You may find it helpful to use the homework questions as review for the
midterm and final exams and it is easier to test your knowledge if the answers
are not shown on the question page.
(4) HOMEWORK IS NOT GRADED. However, we provide an idea of the number
of points that would be given, so you know how much is required for each
question
A. DEFINITIONS and CONCEPTS: Give a brief definition, and an example if
appropriate. You may use information from the lecture, the textbooks, or you may
use other resources, such as the Glossary in Section K of Part III of the Syllabus.
1.
What is the definition of epidemiology? (10 points)

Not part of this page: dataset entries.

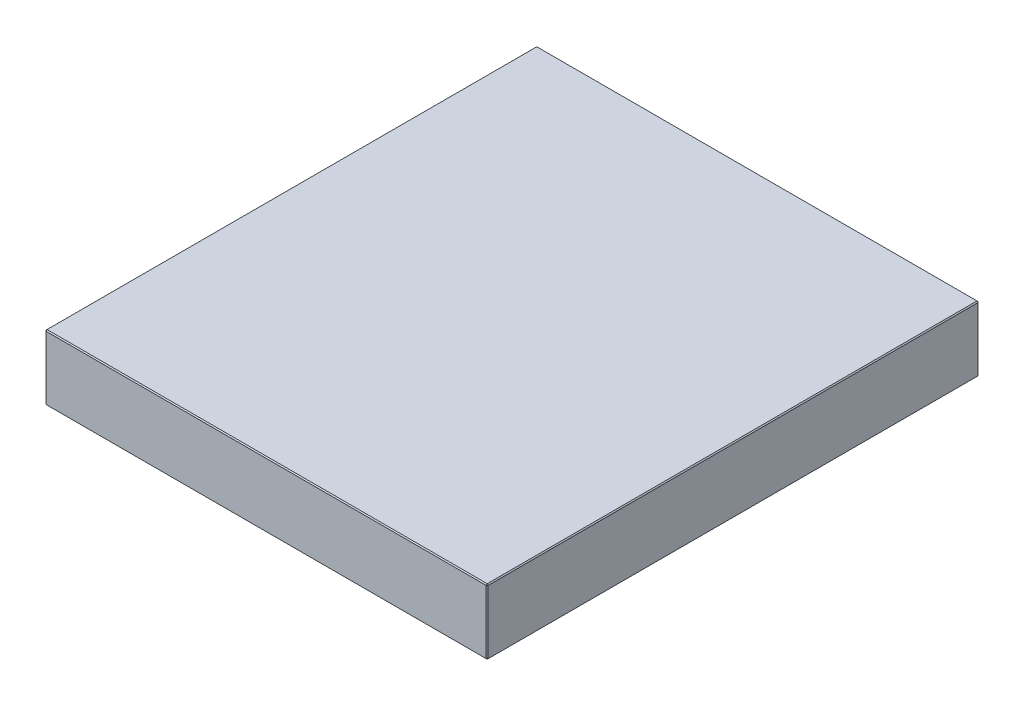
ISO-10303-21;
HEADER;
FILE_DESCRIPTION(('STEP AP214'),'2;1');
FILE_NAME('part.step','',(''),(''),'','','');
FILE_SCHEMA(('AUTOMOTIVE_DESIGN { 1 0 10303 214 1 1 1 1 }'));
ENDSEC;
DATA;
#1=APPLICATION_CONTEXT('core data for automotive mechanical design processes');
#2=APPLICATION_PROTOCOL_DEFINITION('international standard','automotive_design',2000,#1);
#3=PRODUCT_CONTEXT('',#1,'mechanical');
#4=PRODUCT('Part','Part','',(#3));
#5=PRODUCT_RELATED_PRODUCT_CATEGORY('part','',(#4));
#6=PRODUCT_DEFINITION_FORMATION('','',#4);
#7=PRODUCT_DEFINITION_CONTEXT('part definition',#1,'design');
#8=PRODUCT_DEFINITION('design','',#6,#7);
#9=PRODUCT_DEFINITION_SHAPE('','',#8);
#10=(LENGTH_UNIT() NAMED_UNIT(*) SI_UNIT(.MILLI.,.METRE.));
#11=(NAMED_UNIT(*) PLANE_ANGLE_UNIT() SI_UNIT($,.RADIAN.));
#12=(NAMED_UNIT(*) SI_UNIT($,.STERADIAN.) SOLID_ANGLE_UNIT());
#13=UNCERTAINTY_MEASURE_WITH_UNIT(LENGTH_MEASURE(1.E-05),#10,'distance_accuracy_value','');
#14=(GEOMETRIC_REPRESENTATION_CONTEXT(3) GLOBAL_UNCERTAINTY_ASSIGNED_CONTEXT((#13)) GLOBAL_UNIT_ASSIGNED_CONTEXT((#10,
#11,#12)) REPRESENTATION_CONTEXT('',''));
#15=CARTESIAN_POINT('',(0.,0.,0.));
#16=DIRECTION('',(0.,0.,1.));
#17=DIRECTION('',(1.,0.,0.));
#18=AXIS2_PLACEMENT_3D('',#15,#16,#17);
#19=CARTESIAN_POINT('',(-223.,66.,248.));
#20=DIRECTION('',(1.,0.,0.));
#21=DIRECTION('',(0.,0.,-1.));
#22=AXIS2_PLACEMENT_3D('',#19,#20,#21);
#23=PLANE('',#22);
#24=DIRECTION('',(0.,-1.,0.));
#25=VECTOR('',#24,1.);
#26=CARTESIAN_POINT('',(-223.,66.,-247.));
#27=LINE('',#26,#25);
#28=CARTESIAN_POINT('',(-223.,65.,-247.));
#29=VERTEX_POINT('',#28);
#30=CARTESIAN_POINT('',(-223.,0.999999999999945,-247.));
#31=VERTEX_POINT('',#30);
#32=EDGE_CURVE('E114',#29,#31,#27,.T.);
#33=ORIENTED_EDGE('',*,*,#32,.T.);
#34=DIRECTION('',(0.,0.,1.));
#35=VECTOR('',#34,1.);
#36=CARTESIAN_POINT('',(-223.,0.999999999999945,248.));
#37=LINE('',#36,#35);
#38=CARTESIAN_POINT('',(-223.,0.999999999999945,247.));
#39=VERTEX_POINT('',#38);
#40=EDGE_CURVE('E110',#31,#39,#37,.T.);
#41=ORIENTED_EDGE('',*,*,#40,.T.);
#42=DIRECTION('',(0.,1.,0.));
#43=VECTOR('',#42,1.);
#44=CARTESIAN_POINT('',(-223.,66.,247.));
#45=LINE('',#44,#43);
#46=CARTESIAN_POINT('',(-223.,65.,247.));
#47=VERTEX_POINT('',#46);
#48=EDGE_CURVE('E103',#39,#47,#45,.T.);
#49=ORIENTED_EDGE('',*,*,#48,.T.);
#50=DIRECTION('',(0.,0.,-1.));
#51=VECTOR('',#50,1.);
#52=CARTESIAN_POINT('',(-223.,65.,-248.));
#53=LINE('',#52,#51);
#54=EDGE_CURVE('E107',#47,#29,#53,.T.);
#55=ORIENTED_EDGE('',*,*,#54,.T.);
#56=EDGE_LOOP('',(#33,#41,#49,#55));
#57=FACE_BOUND('',#56,.T.);
#58=ADVANCED_FACE('F15',(#57),#23,.F.);
#59=CARTESIAN_POINT('',(223.,66.,248.));
#60=DIRECTION('',(0.,0.,-1.));
#61=DIRECTION('',(-1.,0.,0.));
#62=AXIS2_PLACEMENT_3D('',#59,#60,#61);
#63=PLANE('',#62);
#64=DIRECTION('',(-1.,0.,0.));
#65=VECTOR('',#64,1.);
#66=CARTESIAN_POINT('',(-223.,65.,248.));
#67=LINE('',#66,#65);
#68=CARTESIAN_POINT('',(222.,65.,248.));
#69=VERTEX_POINT('',#68);
#70=CARTESIAN_POINT('',(-222.,65.,248.));
#71=VERTEX_POINT('',#70);
#72=EDGE_CURVE('E164',#69,#71,#67,.T.);
#73=ORIENTED_EDGE('',*,*,#72,.T.);
#74=DIRECTION('',(0.,-1.,0.));
#75=VECTOR('',#74,1.);
#76=CARTESIAN_POINT('',(-222.,66.,248.));
#77=LINE('',#76,#75);
#78=CARTESIAN_POINT('',(-222.,0.999999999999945,248.));
#79=VERTEX_POINT('',#78);
#80=EDGE_CURVE('E122',#71,#79,#77,.T.);
#81=ORIENTED_EDGE('',*,*,#80,.T.);
#82=DIRECTION('',(1.,0.,0.));
#83=VECTOR('',#82,1.);
#84=CARTESIAN_POINT('',(223.,0.999999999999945,248.));
#85=LINE('',#84,#83);
#86=CARTESIAN_POINT('',(222.,0.999999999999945,248.));
#87=VERTEX_POINT('',#86);
#88=EDGE_CURVE('E168',#79,#87,#85,.T.);
#89=ORIENTED_EDGE('',*,*,#88,.T.);
#90=DIRECTION('',(0.,1.,0.));
#91=VECTOR('',#90,1.);
#92=CARTESIAN_POINT('',(222.,66.,248.));
#93=LINE('',#92,#91);
#94=EDGE_CURVE('E166',#87,#69,#93,.T.);
#95=ORIENTED_EDGE('',*,*,#94,.T.);
#96=EDGE_LOOP('',(#73,#81,#89,#95));
#97=FACE_BOUND('',#96,.T.);
#98=ADVANCED_FACE('F275',(#97),#63,.F.);
#99=CARTESIAN_POINT('',(223.,66.,248.));
#100=DIRECTION('',(-1.,0.,0.));
#101=DIRECTION('',(0.,0.,1.));
#102=AXIS2_PLACEMENT_3D('',#99,#100,#101);
#103=PLANE('',#102);
#104=DIRECTION('',(0.,0.,-1.));
#105=VECTOR('',#104,1.);
#106=CARTESIAN_POINT('',(223.,0.999999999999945,248.));
#107=LINE('',#106,#105);
#108=CARTESIAN_POINT('',(223.,0.999999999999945,247.));
#109=VERTEX_POINT('',#108);
#110=CARTESIAN_POINT('',(223.,0.999999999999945,-247.));
#111=VERTEX_POINT('',#110);
#112=EDGE_CURVE('E159',#109,#111,#107,.T.);
#113=ORIENTED_EDGE('',*,*,#112,.T.);
#114=DIRECTION('',(0.,1.,0.));
#115=VECTOR('',#114,1.);
#116=CARTESIAN_POINT('',(223.,66.,-247.));
#117=LINE('',#116,#115);
#118=CARTESIAN_POINT('',(223.,65.,-247.));
#119=VERTEX_POINT('',#118);
#120=EDGE_CURVE('E161',#111,#119,#117,.T.);
#121=ORIENTED_EDGE('',*,*,#120,.T.);
#122=DIRECTION('',(0.,0.,1.));
#123=VECTOR('',#122,1.);
#124=CARTESIAN_POINT('',(223.,65.,248.));
#125=LINE('',#124,#123);
#126=CARTESIAN_POINT('',(223.,65.,247.));
#127=VERTEX_POINT('',#126);
#128=EDGE_CURVE('E155',#119,#127,#125,.T.);
#129=ORIENTED_EDGE('',*,*,#128,.T.);
#130=DIRECTION('',(0.,-1.,0.));
#131=VECTOR('',#130,1.);
#132=CARTESIAN_POINT('',(223.,66.,247.));
#133=LINE('',#132,#131);
#134=EDGE_CURVE('E157',#127,#109,#133,.T.);
#135=ORIENTED_EDGE('',*,*,#134,.T.);
#136=EDGE_LOOP('',(#113,#121,#129,#135));
#137=FACE_BOUND('',#136,.T.);
#138=ADVANCED_FACE('F254',(#137),#103,.F.);
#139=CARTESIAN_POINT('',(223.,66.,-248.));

2. Describe briefly how epidemiology is similar to clinical medicine and how it
differs. (2 or 3 sentences) (10 points)
3. Describe briefly how a study population differs from a source population and
how a source population differs from a target population. (20 points)
4. Describe the major difference between an observational study
and an experimental study. If you wanted to know if frequently eating
McDonalds Big Macs causes people to gain weight, describe (in 1 or 2
sentences) how you would answer this with an observational design versus an
experimental design? Which approach do you think is better? Why? (30 points)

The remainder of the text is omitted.